Python read text, output specified Chinese (string)

Source: Internet
Author: User

Because of business requirements, you need to extract each line of text with the check typeface.

The sample is as follows:

1 input 10kVB, c female segment 820 latching prepared self-cast platen   2 exit 10kVB, c female segment 820 standby jump 803 platen   3 exit 10kVB, c female segment 820 prepare appeal 820 platen   4 Check 2, 3rd main transformer Split position consistent   5 closed 820 circuit Breaker   6 Check 820 circuit breaker with load 7 check 2nd, 3rd main transformer load distribution normal 8 open 802 circuit Breaker 9   

We're going to use the package: Re (python's powerful regular package), codecs (specifically used as the encoding conversion)

Idea: A way of thinking is to use the regular to find the check, according to the sample can write: \d{1,2}\s inspection, belongs to a once and for all. There is a comparison of the following naked writing, first using the Python ReadLines () method to read each line of text, and then you ' check ' to determine each row with ' check ', this method is more troublesome is also need to remove the number in the sample, Def func () is to solve the problem. As for why I want to use the second kind, I do not know. :)

The code is as follows:

ImportReImportCodecsf= Codecs.open (‘F:/parseword/tmp/f1040ez.content.txt‘,‘R‘,‘Utf-8‘) s =F.readlines () F.flush () F.close ()For FilelineInchSif u‘Check‘InchFileline:line_pattern =r‘\s*\d+\s? (.*)‘ def func (text): C = Re.compile (line_pattern) lists = [] lines = Text.split ( " Span style= "COLOR: #800000" >\n ") for line in Lines:r = C.findall (line) if r: Lists.append (r[0]) return  " \n ".join (lists) result =< Span style= "COLOR: #000000" > func (fileline) print result /span>                

Results:

>>> ================================ RESTART ================================>>> Check 2, No. 3rd main transformer split position uniform   Check 820 circuit breaker with load   check 2nd, 3rd main transformer load distribution normal   Check 802 circuit breaker in the gate position   Check No. 3rd main transformer but load   

Of course we can also create a new list, using the Append method to combine the results of the FOR loop:

Test = [] "" "test.append (Result) print test    

Python read text, output specified Chinese (string)

Contact Us

The content source of this page is from Internet, which doesn't represent Alibaba Cloud's opinion; products and services mentioned on that page don't have any relationship with Alibaba Cloud. If the content of the page makes you feel confusing, please write us an email, we will handle the problem within 5 days after receiving your email.

If you find any instances of plagiarism from the community, please send an email to: info-contact@alibabacloud.com and provide relevant evidence. A staff member will contact you within 5 working days.

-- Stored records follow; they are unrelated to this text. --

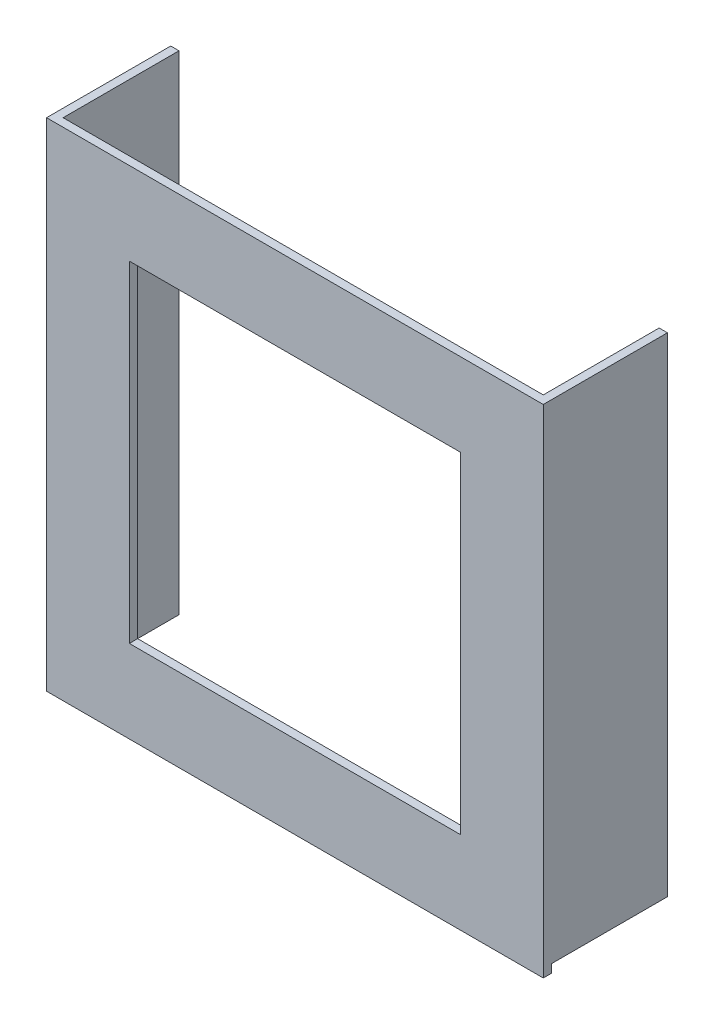
ISO-10303-21;
HEADER;
FILE_DESCRIPTION(('STEP AP214'),'2;1');
FILE_NAME('part.step','',(''),(''),'','','');
FILE_SCHEMA(('AUTOMOTIVE_DESIGN { 1 0 10303 214 1 1 1 1 }'));
ENDSEC;
DATA;
#1=APPLICATION_CONTEXT('core data for automotive mechanical design processes');
#2=APPLICATION_PROTOCOL_DEFINITION('international standard','automotive_design',2000,#1);
#3=PRODUCT_CONTEXT('',#1,'mechanical');
#4=PRODUCT('Part','Part','',(#3));
#5=PRODUCT_RELATED_PRODUCT_CATEGORY('part','',(#4));
#6=PRODUCT_DEFINITION_FORMATION('','',#4);
#7=PRODUCT_DEFINITION_CONTEXT('part definition',#1,'design');
#8=PRODUCT_DEFINITION('design','',#6,#7);
#9=PRODUCT_DEFINITION_SHAPE('','',#8);
#10=(LENGTH_UNIT() NAMED_UNIT(*) SI_UNIT(.MILLI.,.METRE.));
#11=(NAMED_UNIT(*) PLANE_ANGLE_UNIT() SI_UNIT($,.RADIAN.));
#12=(NAMED_UNIT(*) SI_UNIT($,.STERADIAN.) SOLID_ANGLE_UNIT());
#13=UNCERTAINTY_MEASURE_WITH_UNIT(LENGTH_MEASURE(1.E-05),#10,'distance_accuracy_value','');
#14=(GEOMETRIC_REPRESENTATION_CONTEXT(3) GLOBAL_UNCERTAINTY_ASSIGNED_CONTEXT((#13)) GLOBAL_UNIT_ASSIGNED_CONTEXT((#10,
#11,#12)) REPRESENTATION_CONTEXT('',''));
#15=CARTESIAN_POINT('',(0.,0.,0.));
#16=DIRECTION('',(0.,0.,1.));
#17=DIRECTION('',(1.,0.,0.));
#18=AXIS2_PLACEMENT_3D('',#15,#16,#17);
#19=CARTESIAN_POINT('',(0.,0.,5.));
#20=DIRECTION('',(0.,0.,1.));
#21=DIRECTION('',(1.,0.,0.));
#22=AXIS2_PLACEMENT_3D('',#19,#20,#21);
#23=PLANE('',#22);
#24=DIRECTION('',(0.,1.,0.));
#25=VECTOR('',#24,1.);
#26=CARTESIAN_POINT('',(150.,150.,5.));
#27=LINE('',#26,#25);
#28=CARTESIAN_POINT('',(150.,-150.,5.));
#29=VERTEX_POINT('',#28);
#30=CARTESIAN_POINT('',(150.,150.,5.));
#31=VERTEX_POINT('',#30);
#32=EDGE_CURVE('E220',#29,#31,#27,.T.);
#33=ORIENTED_EDGE('',*,*,#32,.T.);
#34=DIRECTION('',(-1.,0.,0.));
#35=VECTOR('',#34,1.);
#36=CARTESIAN_POINT('',(-150.,150.,5.));
#37=LINE('',#36,#35);
#38=CARTESIAN_POINT('',(-150.,150.,5.));
#39=VERTEX_POINT('',#38);
#40=EDGE_CURVE('E223',#31,#39,#37,.T.);
#41=ORIENTED_EDGE('',*,*,#40,.T.);
#42=DIRECTION('',(0.,-1.,0.));
#43=VECTOR('',#42,1.);
#44=CARTESIAN_POINT('',(-150.,150.,5.));
#45=LINE('',#44,#43);
#46=CARTESIAN_POINT('',(-150.,-150.,5.));
#47=VERTEX_POINT('',#46);
#48=EDGE_CURVE('E226',#39,#47,#45,.T.);
#49=ORIENTED_EDGE('',*,*,#48,.T.);
#50=DIRECTION('',(1.,0.,0.));
#51=VECTOR('',#50,1.);
#52=CARTESIAN_POINT('',(-150.,-150.,5.));
#53=LINE('',#52,#51);
#54=EDGE_CURVE('E228',#47,#29,#53,.T.);
#55=ORIENTED_EDGE('',*,*,#54,.T.);
#56=EDGE_LOOP('',(#33,#41,#49,#55));
#57=FACE_BOUND('',#56,.T.);
#58=DIRECTION('',(-1.,0.,0.));
#59=VECTOR('',#58,1.);
#60=CARTESIAN_POINT('',(-100.,99.9999999999999,5.));
#61=LINE('',#60,#59);
#62=CARTESIAN_POINT('',(100.,99.9999999999999,5.));
#63=VERTEX_POINT('',#62);
#64=CARTESIAN_POINT('',(-100.,99.9999999999999,5.));
#65=VERTEX_POINT('',#64);
#66=EDGE_CURVE('E191',#63,#65,#61,.T.);
#67=ORIENTED_EDGE('',*,*,#66,.F.);
#68=DIRECTION('',(0.,1.,0.));
#69=VECTOR('',#68,1.);
#70=CARTESIAN_POINT('',(100.,99.9999999999999,5.));
#71=LINE('',#70,#69);
#72=CARTESIAN_POINT('',(100.,-100.,5.));
#73=VERTEX_POINT('',#72);
#74=EDGE_CURVE('E189',#73,#63,#71,.T.);
#75=ORIENTED_EDGE('',*,*,#74,.F.);
#76=DIRECTION('',(1.,0.,0.));
#77=VECTOR('',#76,1.);
#78=CARTESIAN_POINT('',(-100.,-100.,5.));
#79=LINE('',#78,#77);
#80=CARTESIAN_POINT('',(-100.,-100.,5.));
#81=VERTEX_POINT('',#80);
#82=EDGE_CURVE('E197',#81,#73,#79,.T.);
#83=ORIENTED_EDGE('',*,*,#82,.F.);
#84=DIRECTION('',(0.,-1.,0.));
#85=VECTOR('',#84,1.);
#86=CARTESIAN_POINT('',(-100.,99.9999999999999,5.));
#87=LINE('',#86,#85);
#88=EDGE_CURVE('E194',#65,#81,#87,.T.);
#89=ORIENTED_EDGE('',*,*,#88,.F.);
#90=EDGE_LOOP('',(#67,#75,#83,#89));
#91=FACE_BOUND('',#90,.T.);
#92=ADVANCED_FACE('F35',(#57,#91),#23,.T.);
#93=CARTESIAN_POINT('',(0.,0.,0.));
#94=DIRECTION('',(0.,0.,1.));
#95=DIRECTION('',(1.,0.,0.));
#96=AXIS2_PLACEMENT_3D('',#93,#94,#95);
#97=PLANE('',#96);
#98=DIRECTION('',(-1.,0.,0.));
#99=VECTOR('',#98,1.);
#100=CARTESIAN_POINT('',(-8.04911692853238E-13,-145.000000000001,0.));
#101=LINE('',#100,#99);
#102=CARTESIAN_POINT('',(-145.,-145.,0.));
#103=VERTEX_POINT('',#102);
#104=CARTESIAN_POINT('',(-150.,-145.,0.));
#105=VERTEX_POINT('',#104);
#106=EDGE_CURVE('E159',#103,#105,#101,.T.);
#107=ORIENTED_EDGE('',*,*,#106,.F.);
#108=DIRECTION('',(0.,1.,0.));
#109=VECTOR('',#108,1.);
#110=CARTESIAN_POINT('',(-144.999999999999,-8.0491169285322E-13,0.));
#111=LINE('',#110,#109);
#112=CARTESIAN_POINT('',(-145.,150.,0.));
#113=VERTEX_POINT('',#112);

A Free Trial That Lets You Build Big!

Start building with 50+ products and up to 12 months usage for Elastic Compute Service

  • Sales Support

    1 on 1 presale consultation

  • After-Sales Support

    24/7 Technical Support 6 Free Tickets per Quarter Faster Response

  • Alibaba Cloud offers highly flexible support services tailored to meet your exact needs.